[Input for this task — start]
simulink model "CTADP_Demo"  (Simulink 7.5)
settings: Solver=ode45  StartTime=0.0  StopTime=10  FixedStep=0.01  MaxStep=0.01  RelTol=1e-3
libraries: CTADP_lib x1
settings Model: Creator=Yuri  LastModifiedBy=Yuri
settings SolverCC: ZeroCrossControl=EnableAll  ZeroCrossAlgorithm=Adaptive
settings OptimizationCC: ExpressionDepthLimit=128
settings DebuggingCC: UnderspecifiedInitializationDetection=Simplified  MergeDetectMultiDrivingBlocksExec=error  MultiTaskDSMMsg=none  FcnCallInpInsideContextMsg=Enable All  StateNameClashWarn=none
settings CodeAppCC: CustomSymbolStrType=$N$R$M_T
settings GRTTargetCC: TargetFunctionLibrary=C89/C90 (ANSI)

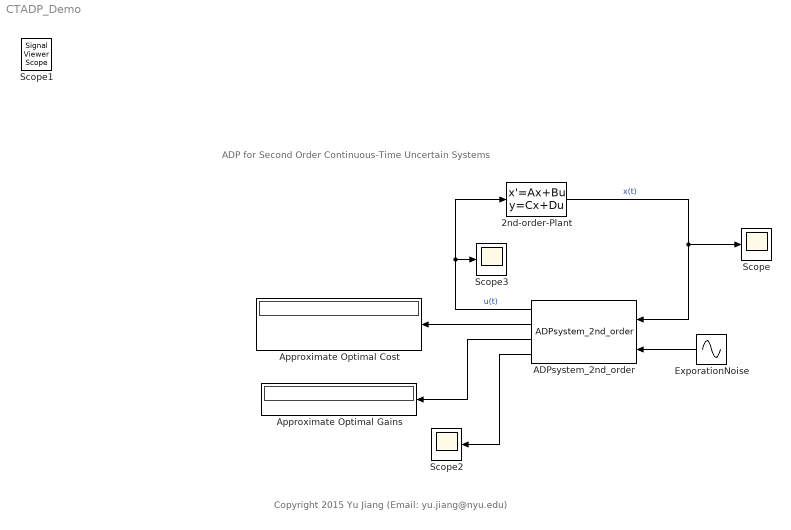
== system CTADP_Demo ==
  note: ADP for Second Order Continuous-Time Uncertain Systems
  note: Copyright 2015 Yu Jiang (Email: yu.jiang@nyu.edu)
  2nd-order-Plant : StateSpace  A=[0 1;-0.2 -0.1];  B=[0.03;.6];  C=eye(2);  D=zeros(2,1);  X0=[1;2]
  ADPsystem_2nd_order : CTADP_lib/ADPsystem_2nd_order  K=[0,0]  Q=eye(2)  R=1  dT=0.1
  Approximate Optimal Cost : Display
  Approximate Optimal Gains : Display
  "ExporationNoise " : Sin  Amplitude=0.1  Frequency=10  SampleTime=0
  Scope : Scope
      settings: SaveName=ADPresults
  Scope2 : Scope
      settings: SaveName=ScopeData3
  Scope3 : Scope
  Scope1 : SignalViewerScope  IOType=viewer  SampleTime=0
      settings: SaveName=ScopeData2  DataFormat=StructureWithTime
  wires:
  2nd-order-Plant/1 -> ADPsystem_2nd_order/1, Scope/1  "x(t)"
  ADPsystem_2nd_order/1 -> 2nd-order-Plant/1, Scope3/1  "u(t)"
  "ExporationNoise "/1 -> ADPsystem_2nd_order/2
  ADPsystem_2nd_order/2 -> Approximate Optimal Cost/1
  ADPsystem_2nd_order/3 -> Approximate Optimal Gains/1
  ADPsystem_2nd_order/4 -> Scope2/1
simulink model "sim_all"  (R2020a)
settings: Solver=VariableStepAuto  StartTime=0.0  StopTime=2000  RelTol=1e-3
values from neighbouring files (symbols this model uses):
  nav_DT = 0.1    [navigation.m]
  nav_giro = 2    [navigation.m]
  nav_h0 = 0    [navigation.m]
  nav_lat0 = cornerC(1)    [navigation.m]
  nav_lon0 = cornerC(2)    [navigation.m]
  nav_plane_AB = coefficient_plane(nav_A,nav_B)    [navigation.m]
  nav_plane_BC = coefficient_plane(nav_B,nav_C)    [navigation.m]
  nav_plane_CD = coefficient_plane(nav_C,nav_D)    [navigation.m]
  nav_plane_DA = coefficient_plane(nav_D,nav_A)    [navigation.m]
undefined symbols (not defined in the file or in its folder): a1, a2, alpha1, alpha2, cornerA, cornerB, cornerC, cornerD, ctrl_clockwise, ctrl_int_bound_or, ctrl_int_bound_pos, ctrl_k_or, ctrl_k_pos, ctrl_Ki_vel, ctrl_Kp_v_pos, ctrl_Kp_vel, ctrl_TAM, ctrl_Ts, ctrl_va_uncontrolled, ctrl_vel_uncontrolled, D, dead_zone_limit, depth, DiscIntNeverNeededParam, distanceFromWall, initInspectedSide, initPoint, mod_A, mod_Cd_F, mod_Cd_M, mod_eta_init, mod_g, mod_h0, mod_Ixx, mod_Iyy, mod_Izz, mod_Kp_dot, mod_lat0, mod_lon0, mod_m, mod_Mq_dot, mod_ni_init, mod_Nr_dot, mod_p1, mod_p2, mod_p3, mod_p4, mod_p5, mod_p6, mod_R, mod_Rm, mod_t1, mod_t2, mod_t3, mod_t4, mod_t5, mod_t6, mod_W, mod_Xu_dot, mod_Yv_dot ... (+44)
libraries: simulink x8, cstblocks x6, simulink_extras x1
(part 6 of 6)

== matlab function sim_all/Sensors/Environment1 ==
  data: plane_AB output; plane_BC output; plane_CD output; plane_DA output; plane_W output
function [plane_AB,plane_BC,plane_CD,plane_DA,plane_W] = fcn()
%% Inizializzazione
% Coordinate degli spigoli del bacino in lat e long fornite dal file
% missionC.m
A= zeros(1,3);
B= zeros(1,3);
C= zeros(1,3);
D= zeros(1,3);
cornerA = [43.781381; 11.282793]; % Lat/Lon [decimal degrees]      
cornerB = [43.780975; 11.283505]; % Lat/Lon [decimal degrees]       
cornerC = [43.780189; 11.282698]; % Lat/Lon [decimal degrees]       
cornerD = [43.780602; 11.281956]; % Lat/Lon [decimal degrees]

% Definizione terna NED con origine (lat0,long0,h0) coincidente al 
% cornerD
coder.extrinsic('evalin', 'wgs84Ellipsoid', 'geodetic2ned');
lat0 = cornerC(1);
lon0 = cornerC(2);
h0 = 0;

%% Conversione ECEF to NED
[A(1),A(2),A(3)] = geodetic2ned(cornerA(1),cornerA(2),0,lat0,lon0,h0,wgs84Ellipsoid);
[B(1),B(2),B(3)] = geodetic2ned(cornerB(1),cornerB(2),0,lat0,lon0,h0,wgs84Ellipsoid);
[C(1),C(2),C(3)] = geodetic2ned(cornerC(1),cornerC(2),0,lat0,lon0,h0,wgs84Ellipsoid);
[D(1),D(2),D(3)] = geodetic2ned(cornerD(1),cornerD(2),0,lat0,lon0,h0,wgs84Ellipsoid);

%% Calcolo delle distanze dalle pareti
% L'equazione del piano corrisponde a quella della retta perché il piano
% delle pareti è verticale, per cui si risolve un sistema lineare:
% l'equazione del piano deve soddisfare il passaggio da due punti.
% Il parametro a è libero, lo poniamo a=1, il parametro c relativo all'asse
% z sarà sempre pari a zero.

% questo è il sistema da risolvere
b = - (B(1)- A(1)) /( B(2) - A(2) );   %AB
d = - A(1) - A(2)*b;

e = - (C(1)-B(1))/(C(2)-B(2));         %BC
f = - B(1) - B(2)*e;

g = - (D(1) - C(1)) / (D(2) - C(2));   %CD
h = - C(1) - C(2)*g;

i = - (A(1) - D(1))/(A(2) - D(2));     %DA
l = -D(1) - D(2)*i;

% syms b d;
% [b d] = solve(A(1)+b*A(2)+d,B(1)+b*B(2)+d,b,d);
a_AB = 1;
b_AB = double(b);
c_AB = 0;
d_AB = double(d);
% 
% syms b d ;
% [b d] = solve(B(1)+b*B(2)+d,C(1)+b*C(2)+d,b,d);
a_BC = 1;
b_BC = double(e);
c_BC = 0;
d_BC = double(f);

a_CD = 1;
b_CD = double(g);
c_CD = 0;
d_CD = double(h);

a_DA = 1;
b_DA = double(i);
c_DA = 0;
d_DA = double(l);


% calcolo dei coefficienti del piano direttamente con la formula esplicita
plane_AB = [a_AB b_AB c_AB d_AB];
plane_BC = [a_BC b_BC c_BC d_BC];
plane_CD = [a_CD b_CD c_CD d_CD];
plane_DA = [a_DA b_DA c_DA d_DA];
plane_W =[0 0 1 0];

== matlab function sim_all/Sensors/GEOD to NED1 ==
  data: z output; lat input; lon input; h input
function z  = fcn(lat,lon,h)
z=[0;0;0];
coder.extrinsic('evalin','wgs84Ellipsoid','geodetic2ned');
[N,E,D] = geodetic2ned(lat,lon,h,43.780189,11.282698,0,wgs84Ellipsoid);
z=[N;E;D];

== matlab function sim_all/Sensors/NED to GEOD1 ==
  data: z output; N input; E input
function z  = fcn(N,E)
z=zeros(2,1);
coder.extrinsic('evalin','wgs84Ellipsoid','ned2geodetic');
%profondità considerata come solo antenna GPS fuori dall'acqua
[LAT,LON,~]=ned2geodetic(N,E,-0.385,43.780189,11.282698,0,wgs84Ellipsoid);
z=[LAT;LON];

== matlab function sim_all/Model/from Rad to Deg ==
  data: eta2 input; eta2_deg output
function eta2_deg = fcn(eta2)

phi = eta2(1);
theta = eta2(2);
psi = eta2(3);

% Si effettua una conversione da radianti a gradi dell'angolo di roll:
k_phi = fix(phi/(2*pi));
orientation_phi = phi - (2*pi*k_phi);
phi_deg = (180*orientation_phi)/pi;

% Si effettua una conversione da radianti a gradi dell'angolo di pitch:
k_theta = fix(theta/(2*pi));
orientation_theta = theta - (2*pi*k_theta);
theta_deg = (180*orientation_theta)/pi;

% Si effettua una conversione da radianti a gradi dell'angolo di yaw:
k_psi = fix(psi/(2*pi));
orientation_psi = psi - (2*pi*k_psi);
psi_deg = (180*orientation_psi)/pi;

% Se si vuole mostrare anche il numero di rotazioni che compie il robot in
% roll, pitch o yaw mandare in uscita anche k_phi, k_theta e k_psi.

eta2_deg = [phi_deg; theta_deg; psi_deg];

== matlab function sim_all/Controller_mk4_v3/signal_to_NED/Signal_d->NED/ToNed ==
  data: vel input; ddp input; dps input; orp input; vel_n output size=[3 1]; wall_vect input; wall_vect2 input; state input; ctrl_clockwise parameter; ddp_n output size=[3 1]; dps_n output size=[3 1]; orp_n output size=[3 1]
%% A partire dai riferimenti scalari calcola i relativi vettori in terna NED
function [vel_n,ddp_n,dps_n,orp_n] = ToNed(vel, ddp, dps, orp, wall_vect, wall_vect2, state, ctrl_clockwise)
    w=wall_vect/norm(wall_vect);        % versore relativo alla pareta che stiamo pattugliando
    n = Cz(-pi/2)*wall_vect;            % vettore ortogonale entrante dalla parete in pattugliamento
    n=n/norm(n);                        % versore ortogonale alla parete in pattugliamento
    n2 = Cz(-pi/2)*wall_vect2;          % vettore ortogonale entrante dalla parete successiva
    n2=n2/norm(n2);                     % versore ortogonale alla parete successiva
    if ctrl_clockwise == true           % la velocità dipende dalla direzione di pattugliamento
        vel_n=w*vel;                    % stessa direzione della parete
    else
        vel_n=-w*vel;
    end
    ddp_n = n*ddp;                          % vettore distanza dalla parete in pattugliamento in ned
    dps_n = n2*dps;                         % vettore distanza dalla parete successiva in ned
    v_orp = -n;                             % deve essere uscente dal bacino
    v_orp = Cz(-orp)*v_orp;                 % ruoto dell' angolo di riferimento
    orp_n=[0;0;atan2(v_orp(2),v_orp(1))];   % angolo rispetto all'asse x della terna ned
    if(state == 203)                        % orp_n deve essere relativo alla parete successiva
        v_orp = -n2;
        v_orp = Cz(-orp)*v_orp;
        orp_n=[0;0;atan2(v_orp(2),v_orp(1))];
    end
end

== matlab function sim_all/Controller_mk4_v3/signal_to_NED/Signal_d->NED/wall_fcn ==
  data: wall_vect output; WALL input; cornerA parameter; cornerB parameter; cornerC parameter; cornerD parameter; wall_vect2 output; ctrl_clockwise parameter
%% Restituisce i vettori Parete in pattugliamento e Parete successiva
function [wall_vect, wall_vect2] = wall_fcn(WALL,cornerA, cornerB, cornerC, cornerD, ctrl_clockwise) %inspectionDirection
    AB = zeros(3,1);
    BC = zeros(3,1);
    CD = zeros(3,1);
    DA = zeros(3,1);
    a = zeros(3,1);
    b = zeros(3,1);
    c = zeros(3,1);
    d = zeros(3,1);
    coder.extrinsic('evalin', 'wgs84Ellipsoid', 'geodetic2ned');
    [aNorth,aEast,aDown] = geodetic2ned(cornerA(1),cornerA(2),0,cornerC(1),cornerC(2),0,wgs84Ellipsoid);
    [bNorth,bEast,bDown] = geodetic2ned(cornerB(1),cornerB(2),0,cornerC(1),cornerC(2),0,wgs84Ellipsoid);
    [cNorth,cEast,cDown] = geodetic2ned(cornerC(1),cornerC(2),0,cornerC(1),cornerC(2),0,wgs84Ellipsoid);
    [dNorth,dEast,dDown] = geodetic2ned(cornerD(1),cornerD(2),0,cornerC(1),cornerC(2),0,wgs84Ellipsoid);
    a=[aNorth;aEast;aDown];
    b=[bNorth;bEast;bDown];
    c=[cNorth;cEast;cDown];
    d=[dNorth;dEast;dDown];
    AB = b-a;
    BC = c-b;
    CD = d-c;
    DA = a-d;
    if WALL == 1
        wall_vect = AB;
        if ctrl_clockwise == true
            wall_vect2 = BC;
        else
            wall_vect2 = DA;
        end
    elseif WALL == 2
        wall_vect = BC;
        if ctrl_clockwise == true
            wall_vect2 = CD;
        else
            wall_vect2 = AB;
        end
    elseif  WALL == 3
        wall_vect = CD;
        if ctrl_clockwise == true
            wall_vect2 = DA;
        else
            wall_vect2 = BC;
        end
    else   
        wall_vect = DA;
        if ctrl_clockwise == true
            wall_vect2 = AB;
        else
            wall_vect2 = CD;
        end
    end
end

== matlab function sim_all/Controller_mk4_v3/C_or/eta_dot2ni ==
  data: eta_dot input; or input; va output
%% Da NED a BODY
function va = fcn(eta_dot, or)

phi= or(1);
theta= or(2); 
psi= or(3);

J2inv = [[1;0;0], Cx(phi)*[0;1;0], Cx(phi)*Cy(theta)*[0;0;1]];
va = J2inv * eta_dot;
end

== matlab function sim_all/Mission_supervisor_v3/Mission_Supervisor/MATLAB Function ==
  data: parete_iniziale input; verso input; parete output; contatore input; initInspectedSide parameter; current_state input; giro output
function [parete, giro] = aggiorna_parete(parete_iniziale, verso, contatore, initInspectedSide,current_state)
   
 %% Corpo funzione 
    
    % A seconda del senso di pattugliamento si ha l'aggiornamento del valore
    % di parete attuale. 
    
    if(strcmp(verso,'clockwise') == 1)
        giro = 0;
        parete = mod((parete_iniziale + contatore),4);
        if(parete == 0)
            parete = 4;
        end
    else % 'counterclockwise'
        giro = 1;
        parete = parete_iniziale - contatore;
        if(parete <= 0)
            parete = parete+4;
        end
    end

    % Per stati precedenti al 201, si forza questa variabile a
    % mantenere il valore pari al valore iniziale. 
    if(current_state < 201)
        parete = initInspectedSide;
    end
    
end

== matlab function sim_all/Controller_mk4_v3/signal_to_NED/Signal_s->NED/ToNed ==
  data: ddp input; dps input; wall_vect input; ddp_n output size=[3 1]; dps_n output size=[3 1]; wall_vect2 input
%% A partire dalle stime scalari calcola i relativi vettori in terna NED
function [ddp_n,dps_n] = ToNed_s(ddp, dps,wall_vect, wall_vect2)
    n = Cz(-pi/2)*wall_vect;            % vettore ortogonale entrante dalla parete in pattugliamento
    n=n/norm(n);                        % versore ortogonale alla parete in pattugliamento
    n2 = Cz(-pi/2)*wall_vect2;          % vettore ortogonale entrante dalla parete successiva
    n2=n2/norm(n2);                     % versore ortogonale alla parete successiva
    ddp_n = n*ddp;                      % vettore distanza dalla parete in pattugliamento in ned
    dps_n = n2*dps;                     % vettore distanza dalla parete successiva in ned
end

== matlab function sim_all/Controller_mk4_v3/signal_to_NED/Signal_s->NED/wall_fcn1 ==
  data: wall_vect output; WALL input; cornerA parameter; cornerB parameter; cornerC parameter; cornerD parameter; wall_vect2 output; ctrl_clockwise parameter
%% Restituisce i vettori Parete in pattugliamento e Parete successiva
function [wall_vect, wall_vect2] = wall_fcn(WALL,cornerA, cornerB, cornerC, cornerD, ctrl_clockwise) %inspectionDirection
[Input for this task — finish]
● Work required
Beginning at the line above with "lat0 = cornerC(1);" and finishing at the line with "perché il piano", return each line exactly and return nothing else.

● Written answer
lat0 = cornerC(1);
lon0 = cornerC(2);
h0 = 0;

%% Conversione ECEF to NED
[A(1),A(2),A(3)] = geodetic2ned(cornerA(1),cornerA(2),0,lat0,lon0,h0,wgs84Ellipsoid);
[B(1),B(2),B(3)] = geodetic2ned(cornerB(1),cornerB(2),0,lat0,lon0,h0,wgs84Ellipsoid);
[C(1),C(2),C(3)] = geodetic2ned(cornerC(1),cornerC(2),0,lat0,lon0,h0,wgs84Ellipsoid);
[D(1),D(2),D(3)] = geodetic2ned(cornerD(1),cornerD(2),0,lat0,lon0,h0,wgs84Ellipsoid);

%% Calcolo delle distanze dalle pareti
% L'equazione del piano corrisponde a quella della retta perché il piano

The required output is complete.